For the Bicktertonite figure see Reorganized Church of Jesus Christ (Bickertonite)

Allen Wright (1826-1885) was Principal chief of the Choctaw from Fall 1866 to 1870. He also became a Presbyterian minister after graduating from Union Theological Seminary in New York City. He was very active in the Choctaw government, holding several elected positions, and has been credited with the name "Oklahoma" for the land that would become the state.

Allen Wright was born in Attla (sic) County, Mississippi in November 1826. A member of the Choctaw Nation, his birth name was Kilihote. His father was named Ishtemahilvbi and his mother a full-blood Choctaw, who died in June 1832. The father and surviving members of the family let Mississippi in October 1833 and arrived in what is now McCurtain County, Oklahoma in March 1834. According to a biography published by the Chronicles of Oklahoma, his father died in 1839. He went to live with Reverend Cyrus Kingsbury near Doaksville, went to a mission school at Pine Ridge. After four years, he entered Spencer Academy, the main Choctaw tribal school. where he studied from 1844 to 1848. He was given the name Allen Wright. The surname honored Reverend Alfred Wright, a noted Presbyterian missionary to the Choctaws.

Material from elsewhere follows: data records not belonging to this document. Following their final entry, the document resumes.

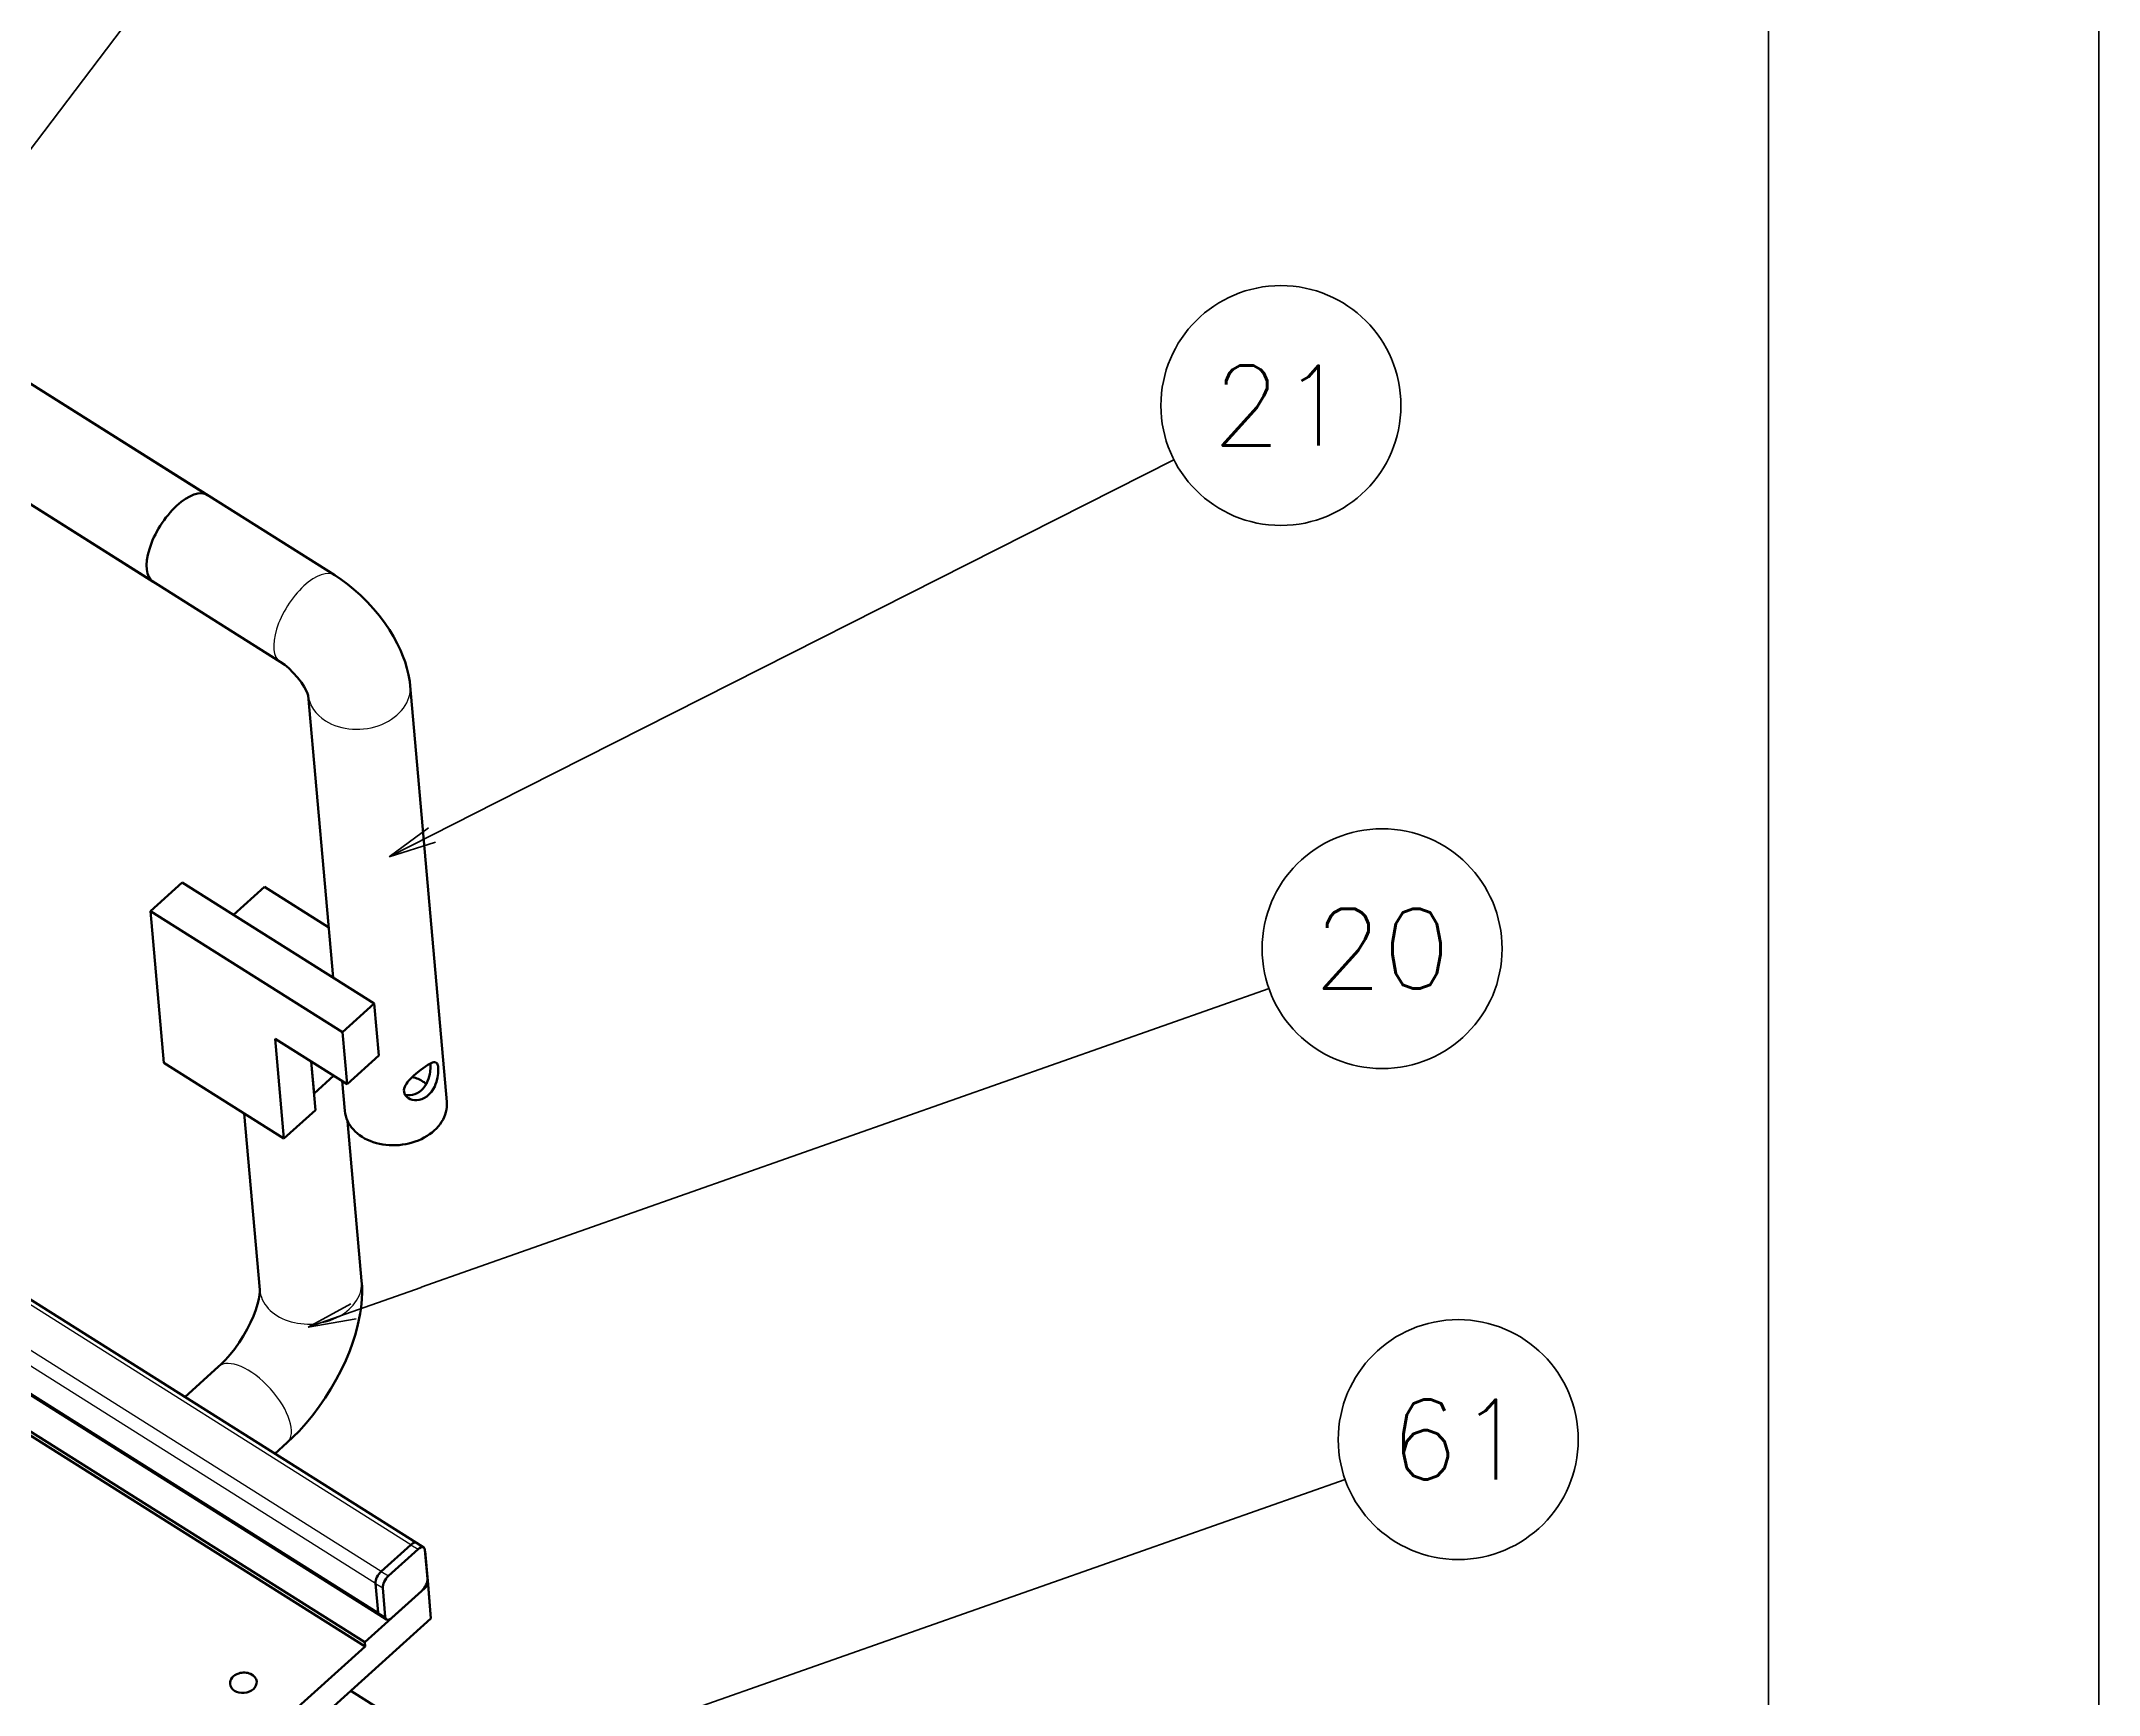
# Model space of a CAD drawing. Header units: millimetres. Extents: x -10155 to 20189, y -25550 to -22580.
# Drawn here: x -6599 to -5955, y -24526 to -24009 of the extents above; entities that cross this region are included whole.
import ezdxf
from ezdxf.enums import TextEntityAlignment as Align

# ---------------------------------------------------------------- set-up
doc = ezdxf.new("R2010")
doc.units = ezdxf.units.MM
doc.layers.add('title_frame', color=7, linetype='Continuous')
doc.layers.add('word_dim', color=253, linetype='Continuous')
doc.styles.get("Standard").update_dxf_attribs({"font": 'romans.shx', "bigfont": 'bigfont.shx'})
doc.dimstyles.new('RS-1-5', dxfattribs={"dimscale": 5, "dimtxt": 3.5, "dimasz": 3, "dimexe": 1, "dimexo": 0, "dimgap": 1, "dimtad": 3, "dimdsep": 46, "dimtxsty": 'Standard', "dimblk1": 'OPEN', "dimblk2": 'OPEN', "dimsah": 1, "dimcen": 0, "dimclrd": 256, "dimclre": 256, "dimclrt": 3, "dimadec": 0, "dimazin": 0, "dimtfac": 1, "dimtmove": 0, "dimatfit": 3, "dimldrblk": 'OPEN', "dimfxl": 0, "dimtolj": 1, "dimtzin": 0, "dimarcsym": 0})

# ---------------------------------------------------------------- blocks, each defined once
blk = doc.blocks.new('aa1')
for p, q in [((0, 0), (-1, 0)), ((-0.4, 0.067), (0, 0)), ((-0.4, -0.067), (0, 0))]:
    blk.add_line(p, q)
blk = doc.blocks.new('aa2')
blk.add_circle((0, 0), 1)
blk = doc.blocks.new('*D764')
at = {"layer": 'DEFPOINTS', "color": 0, "linetype": 'Continuous', "ltscale": 2}
for p in [(-6467.33, -23864.89), (-6467.33, -23864.89), (-6774.87, -24270.93)]:
    blk.add_point(p, dxfattribs=at)
at = {"layer": 'word_dim', "linetype": 'Continuous', "lineweight": -2, "ltscale": 2}
blk.add_line((-6752.22, -24241.04), (-6489.97, -23894.79), dxfattribs=at)
at = {"layer": 'word_dim', "linetype": 'Continuous', "lineweight": -2, "ltscale": 2, "xscale": 37.5, "yscale": 37.5, "zscale": 37.5}
for name, p, rotation in [('aa2', (-6467.33, -23864.89), 52.85932770796877), ('aa1', (-6774.87, -24270.93), 232.8593277079687)]:
    blk.add_blockref(name, p, dxfattribs=dict(at, rotation=rotation))
at = {"layer": 'word_dim', "color": 3, "linetype": 'Continuous', "ltscale": 2, "insert": (-6621.1, -24067.91), "char_height": 0.000005, "attachment_point": 5, "rotation": 52.85933}
blk.add_mtext('\\A1;509.36', dxfattribs=at)
blk = doc.blocks.new('_Open')
at = {"color": 0, "lineweight": -2}
for p, q in [((-1, 0.167), (0, 0)), ((-1, -0.167), (0, 0)), ((0, 0), (-1, 0))]:
    blk.add_line(p, q, dxfattribs=at)
blk = doc.blocks.new('*D778')
at = {"layer": 'DEFPOINTS', "color": 0, "linetype": 'Continuous', "ltscale": 2}
for p in [(-6179.35, -24292.49), (-6179.35, -24292.49), (-6515.07, -24410.85)]:
    blk.add_point(p, dxfattribs=at)
at = {"layer": 'word_dim', "linetype": 'Continuous', "lineweight": -2, "ltscale": 2}
blk.add_line((-6479.7, -24398.38), (-6214.71, -24304.96), dxfattribs=at)
at = {"layer": 'word_dim', "linetype": 'Continuous', "lineweight": -2, "ltscale": 2, "xscale": 37.5, "yscale": 37.5, "zscale": 37.5}
for name, p, rotation in [('aa2', (-6179.35, -24292.49), 19.42036899422085), ('aa1', (-6515.07, -24410.85), 199.4203689942209)]:
    blk.add_blockref(name, p, dxfattribs=dict(at, rotation=rotation))
at = {"layer": 'word_dim', "color": 3, "linetype": 'Continuous', "ltscale": 2, "insert": (-6347.21, -24351.67), "char_height": 0.000005, "attachment_point": 5, "rotation": 19.42037}
blk.add_mtext('\\A1;355.98', dxfattribs=at)
blk = doc.blocks.new('*D779')
at = {"layer": 'DEFPOINTS', "color": 0, "linetype": 'Continuous', "ltscale": 2}
for p in [(-6210.99, -24122.65), (-6210.99, -24122.65), (-6489.73, -24263.74)]:
    blk.add_point(p, dxfattribs=at)
at = {"layer": 'word_dim', "linetype": 'Continuous', "lineweight": -2, "ltscale": 2}
blk.add_line((-6456.27, -24246.8), (-6244.45, -24139.59), dxfattribs=at)
at = {"layer": 'word_dim', "linetype": 'Continuous', "lineweight": -2, "ltscale": 2, "xscale": 37.5, "yscale": 37.5, "zscale": 37.5}
for name, p, rotation in [('aa2', (-6210.99, -24122.65), 26.8461062767362), ('aa1', (-6489.73, -24263.74), 206.8461062767362)]:
    blk.add_blockref(name, p, dxfattribs=dict(at, rotation=rotation))
at = {"layer": 'word_dim', "color": 3, "linetype": 'Continuous', "ltscale": 2, "insert": (-6350.36, -24193.19), "char_height": 0.000005, "attachment_point": 5, "rotation": 26.84611}
blk.add_mtext('\\A1;312.41', dxfattribs=at)
blk = doc.blocks.new('A$C43226BF8')
at = {"color": 7, "lineweight": 35}
for p, q in [((536.92, 155.26), (1061.96, -175.61)), ((519.86, 128.19), (1044.9, -202.68)), ((591.68, 120.76), (1101.71, -200.66)), ((574.62, 93.68), (1084.65, -227.73)), ((1127.24, -503.23), (636.25, -193.82)), ((1115.62, -525.74), (619.52, -213.1)), ((1111.07, -534.3), (616.61, -222.7)), ((1111.19, -535.6), (616.73, -224)), ((1125.26, -235.25), (1136.71, -365.34)), ((1093.4, -238.25), (1101.17, -326.49)), ((1053.99, -296.76), (1114, -334.57)), ((1079.72, -298.12), (1099.79, -310.77)), ((1048.29, -353.16), (1044.11, -305.68)), ((1044.11, -305.68), (1104.11, -343.49)), ((1083.04, -345.57), (1085.79, -376.79)), ((1105.54, -359.75), (1083.04, -345.57)), ((1085.79, -376.79), (1048.29, -353.16)), ((1073.38, -368.97), (1078.22, -424.05)), ((1105.71, -371.34), (1110.1, -421.25)), ((1130.84, -516.46), (1111.07, -534.3)), ((1131.76, -526.87), (935.73, -703.75)), ((1111.19, -535.6), (934.93, -694.64)), ((1134.77, -567.22), (1106.67, -549.5))]:
    blk.add_line(p, q, dxfattribs=at)
at = {"color": 7, "lineweight": 13}
for p, q in [((1125.47, -503.82), (634.81, -194.62)), ((1116.24, -512.14), (625.79, -203.07)), ((1114.44, -515.88), (622.62, -205.94)), ((1115.24, -524.98), (619.47, -212.56))]:
    blk.add_line(p, q, dxfattribs=at)
at = {"color": 7, "lineweight": 35, "ltscale": 0.332813}
blk.add_line((1044.11, -305.68), (1053.99, -296.76), dxfattribs=at)
at = {"color": 7, "lineweight": 35, "ltscale": 0.326272}
blk.add_line((1079.72, -298.12), (1070.03, -306.86), dxfattribs=at)
at = {"color": 7, "lineweight": 35, "ltscale": 0.332811}
for p, q in [((1104.11, -343.49), (1114, -334.57)), ((1105.54, -359.75), (1115.43, -350.83)), ((1085.79, -376.79), (1095.67, -367.88))]:
    blk.add_line(p, q, dxfattribs=at)
at = {"color": 7, "lineweight": 35, "ltscale": 0.408099}
for p, q in [((1114, -334.57), (1115.43, -350.83)), ((1104.11, -343.49), (1105.54, -359.75))]:
    blk.add_line(p, q, dxfattribs=at)
at = {"color": 7, "lineweight": 35, "ltscale": 0.250507}
blk.add_line((1095.22, -362.67), (1094.34, -352.69), dxfattribs=at)
at = {"color": 7, "lineweight": 35, "ltscale": 0.3811}
blk.add_line((1094.34, -352.69), (1095.67, -367.88), dxfattribs=at)
at = {"color": 7, "lineweight": 35, "ltscale": 0.207158}
blk.add_line((1095.22, -362.67), (1101.37, -357.12), dxfattribs=at)
at = {"color": 7, "lineweight": 35, "ltscale": 0.234959}
blk.add_line((1104.01, -358.79), (1104.84, -368.15), dxfattribs=at)
at = {"color": 7, "lineweight": 35, "ltscale": 0.354574}
blk.add_line((1065.39, -448.12), (1054.86, -457.62), dxfattribs=at)
at = {"color": 7, "lineweight": 35, "ltscale": 0.129404}
blk.add_line((1086.83, -471.88), (1082.99, -475.34), dxfattribs=at)
at = {"color": 7, "lineweight": 35, "ltscale": 0.310622}
for p, q in [((1125.47, -503.82), (1116.24, -512.14)), ((1116.24, -512.14), (1125.47, -503.82)), ((1118.49, -513.56), (1127.72, -505.23))]:
    blk.add_line(p, q, dxfattribs=at)
at = {"color": 7, "lineweight": 13, "ltscale": 0.066495}
blk.add_line((1125.47, -503.82), (1127.72, -505.23), dxfattribs=at)
at = {"color": 7, "lineweight": 35, "ltscale": 0.066491}
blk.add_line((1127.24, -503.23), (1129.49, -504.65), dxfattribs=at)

After four years at Spencer, he was one of four students chosen by the Choctaw Council to attend college in an eastern state of the United States. Wright attended Delaware College in Newark, Delaware from 1848 to 1850, when the school closed. then enrolled at Union College in Schenectady, New York, where he earned a Bachelor of Arts in July 1852 and joined a fraternity. In September 1852 he entered Union Theological Seminary in New York City, where he received a Master of Arts degree in Theology in May 1855. He was the first Native American student from Indian Territory to earn this degree. After graduation from the seminary he was ordained as a minister by the Presbyterian Church. He returned to the Choctaw Nation and became the principal instructor at Armstrong Academy during the 1855-1856 school term.